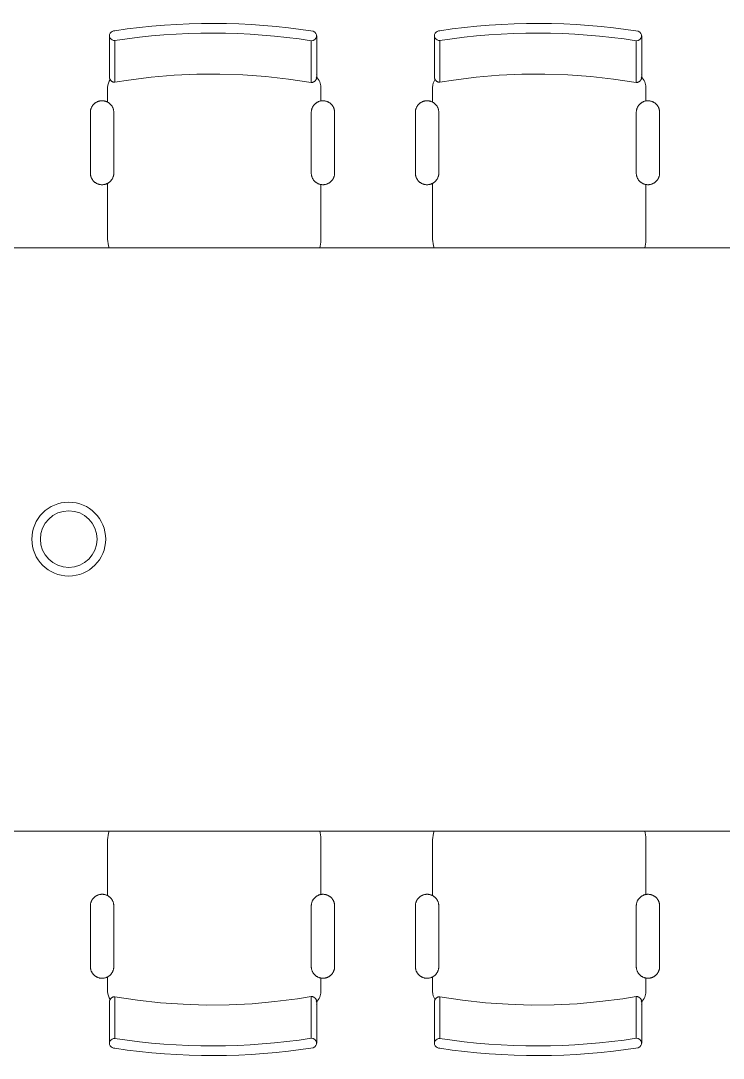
# Model space of a CAD drawing. Header units: inches. Extents: x 1 to 4333, y -575 to 1753.
# Drawn here: x 2093.5 to 2158.6, y 167.2 to 263.3 of the extents above; entities that cross this region are included whole.
import ezdxf

# ---------------------------------------------------------------- set-up
doc = ezdxf.new("R2010")
doc.units = ezdxf.units.IN
doc.header["$MEASUREMENT"] = 0
doc.layers.add('A-ANNO-NOTE', color=131, linetype='Continuous', lineweight=20)
doc.layers.add('I-FURN', color=30, linetype='Continuous', lineweight=9)

# ---------------------------------------------------------------- blocks, each defined once
blk = doc.blocks.new('Conf Table - Rect - Seats 16 - 18 x 4-6 - 3D - Typical-1555111-New Construction - Tel_Data_Elec Plan')
at = {"layer": 'I-FURN'}
for p, q in [((19.423, 46.179), (19.423, 42.316)), ((37.593, 42.333), (37.593, 46.195)), ((49.506, 46.179), (49.506, 42.316)), ((67.676, 42.333), (67.676, 46.195)), ((18.522, 41.857), (18.522, 40.602)), ((38.265, 40.485), (38.265, 41.857)), ((48.605, 41.857), (48.605, 40.602)), ((68.348, 40.485), (68.348, 41.857)), ((17.253, 39.542), (17.253, 33.933)), ((19.417, 33.933), (19.417, 39.542)), ((37.696, 39.542), (37.696, 33.933)), ((39.865, 33.933), (39.865, 39.542)), ((47.336, 39.542), (47.336, 33.933)), ((49.5, 33.933), (49.5, 39.542)), ((67.779, 39.542), (67.779, 33.933)), ((69.947, 33.933), (69.947, 39.542)), ((18.522, 32.873), (18.522, 27.695)), ((38.265, 27.806), (38.265, 32.986)), ((48.605, 32.873), (48.605, 27.695)), ((68.348, 27.806), (68.348, 32.986)), ((108, 27), (-108, 27)), ((-108, 27), (108, 27)), ((-108, -27), (108, -27)), ((108, -27), (-108, -27)), ((18.522, -27.695), (18.522, -32.873)), ((38.265, -32.986), (38.265, -27.806)), ((48.605, -27.695), (48.605, -32.873)), ((68.348, -32.986), (68.348, -27.806)), ((17.253, -33.933), (17.253, -39.542)), ((19.417, -39.542), (19.417, -33.933)), ((37.696, -33.933), (37.696, -39.542)), ((39.865, -39.542), (39.865, -33.933)), ((47.336, -33.933), (47.336, -39.542)), ((49.5, -39.542), (49.5, -33.933)), ((67.779, -33.933), (67.779, -39.542)), ((69.947, -39.542), (69.947, -33.933)), ((18.522, -40.602), (18.522, -41.857)), ((38.265, -41.857), (38.265, -40.485)), ((48.605, -40.602), (48.605, -41.857)), ((68.348, -41.857), (68.348, -40.485)), ((19.423, -42.316), (19.423, -46.179)), ((37.593, -46.195), (37.593, -42.333)), ((49.506, -42.316), (49.506, -46.179)), ((67.676, -46.195), (67.676, -42.333))]:
    blk.add_line(p, q, dxfattribs=at)
at = {"layer": 'I-FURN', "flags": 128}
for points in [[(18.916, 46.636), (18.916, 46), (18.916, 45.42), (18.916, 44.897), (18.916, 44.43), (18.916, 44.023), (18.916, 43.673), (18.916, 43.383), (18.916, 43.153), (18.916, 42.983), (18.916, 42.874), (18.916, 42.825), (18.916, 42.822)], [(38.101, 42.839), (38.101, 42.869), (38.101, 42.96), (38.101, 43.112), (38.101, 43.323), (38.101, 43.595), (38.101, 43.926), (38.101, 44.316), (38.101, 44.764), (38.101, 45.269), (38.101, 45.832), (38.101, 46.45), (38.101, 46.651)], [(48.998, 46.636), (48.998, 46), (48.998, 45.42), (48.998, 44.897), (48.998, 44.43), (48.998, 44.023), (48.998, 43.673), (48.998, 43.383), (48.998, 43.153), (48.998, 42.983), (48.998, 42.874), (48.998, 42.825), (48.998, 42.822)], [(68.184, 42.839), (68.184, 42.869), (68.184, 42.96), (68.184, 43.112), (68.184, 43.323), (68.184, 43.595), (68.184, 43.926), (68.184, 44.316), (68.184, 44.764), (68.184, 45.269), (68.184, 45.832), (68.184, 46.45), (68.184, 46.651)], [(18.916, 42.822), (18.916, 42.852), (18.916, 42.943), (18.916, 43.024)], [(19.423, 42.315), (19.403, 42.315), (19.382, 42.316), (19.362, 42.318), (19.342, 42.321), (19.322, 42.325), (19.302, 42.329), (19.283, 42.334), (19.263, 42.34), (19.244, 42.347), (19.225, 42.355), (19.207, 42.363), (19.189, 42.372), (19.171, 42.382), (19.153, 42.392), (19.136, 42.403), (19.12, 42.415), (19.104, 42.427), (19.088, 42.441), (19.073, 42.454), (19.059, 42.468), (19.045, 42.483), (19.032, 42.499), (19.019, 42.515), (19.007, 42.531), (18.996, 42.548), (18.985, 42.565), (18.975, 42.583), (18.966, 42.601), (18.958, 42.619), (18.95, 42.638), (18.943, 42.657), (18.937, 42.677), (18.931, 42.696), (18.927, 42.716), (18.923, 42.736), (18.92, 42.756), (18.918, 42.776), (18.916, 42.796), (18.916, 42.817), (18.916, 42.822)], [(37.593, 42.332), (35.494, 42.651), (33.384, 42.887), (31.265, 43.037), (29.143, 43.103), (27.019, 43.084), (24.898, 42.98), (22.783, 42.791), (20.677, 42.518), (19.423, 42.315)], [(38.101, 42.839), (38.1, 42.819), (38.099, 42.798), (38.097, 42.778), (38.094, 42.758), (38.091, 42.738), (38.086, 42.718), (38.081, 42.699), (38.075, 42.679), (38.068, 42.66), (38.061, 42.641), (38.052, 42.623), (38.043, 42.605), (38.034, 42.587), (38.023, 42.57), (38.012, 42.553), (38, 42.536), (37.988, 42.52), (37.975, 42.505), (37.961, 42.49), (37.947, 42.475), (37.932, 42.461), (37.917, 42.448), (37.901, 42.435), (37.884, 42.423), (37.868, 42.412), (37.85, 42.402), (37.833, 42.392), (37.814, 42.382), (37.796, 42.374), (37.777, 42.366), (37.758, 42.359), (37.739, 42.353), (37.719, 42.348), (37.7, 42.343), (37.68, 42.339), (37.66, 42.336), (37.639, 42.334), (37.619, 42.332), (37.599, 42.332), (37.593, 42.332)], [(38.101, 43.041), (38.101, 42.915), (38.101, 42.849), (38.101, 42.839)], [(48.998, 42.822), (48.998, 42.852), (48.998, 42.943), (48.998, 43.024)], [(49.506, 42.315), (49.485, 42.315), (49.465, 42.316), (49.445, 42.318), (49.425, 42.321), (49.405, 42.325), (49.385, 42.329), (49.366, 42.334), (49.346, 42.34), (49.327, 42.347), (49.308, 42.355), (49.29, 42.363), (49.271, 42.372), (49.254, 42.382), (49.236, 42.392), (49.219, 42.403), (49.203, 42.415), (49.187, 42.427), (49.171, 42.441), (49.156, 42.454), (49.142, 42.468), (49.128, 42.483), (49.115, 42.499), (49.102, 42.515), (49.09, 42.531), (49.079, 42.548), (49.068, 42.565), (49.058, 42.583), (49.049, 42.601), (49.041, 42.619), (49.033, 42.638), (49.026, 42.657), (49.02, 42.677), (49.014, 42.696), (49.01, 42.716), (49.006, 42.736), (49.003, 42.756), (49, 42.776), (48.999, 42.796), (48.998, 42.817), (48.998, 42.822)], [(67.676, 42.332), (65.577, 42.651), (63.466, 42.887), (61.348, 43.037), (59.226, 43.103), (57.102, 43.084), (54.981, 42.98), (52.866, 42.791), (50.76, 42.518), (49.506, 42.315)], [(68.184, 42.839), (68.183, 42.819), (68.182, 42.798), (68.18, 42.778), (68.177, 42.758), (68.173, 42.738), (68.169, 42.718), (68.164, 42.699), (68.158, 42.679), (68.151, 42.66), (68.143, 42.641), (68.135, 42.623), (68.126, 42.605), (68.116, 42.587), (68.106, 42.57), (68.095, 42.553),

YOUR INSTRUCTIONS.
Repeat only what lies between the start of the data and the end of the line containing "color=30, linetype='Continuous', lineweight=9)", exactly, with pictures left out.

EXERCISE RESPONSE.
# Model space of a CAD drawing. Header units: inches. Extents: x 1 to 4333, y -575 to 1753.
# Drawn here: x 2093.5 to 2158.6, y 167.2 to 263.3 of the extents above; entities that cross this region are included whole.
import ezdxf

# ---------------------------------------------------------------- set-up
doc = ezdxf.new("R2010")
doc.units = ezdxf.units.IN
doc.header["$MEASUREMENT"] = 0
doc.layers.add('A-ANNO-NOTE', color=131, linetype='Continuous', lineweight=20)
doc.layers.add('I-FURN', color=30, linetype='Continuous', lineweight=9)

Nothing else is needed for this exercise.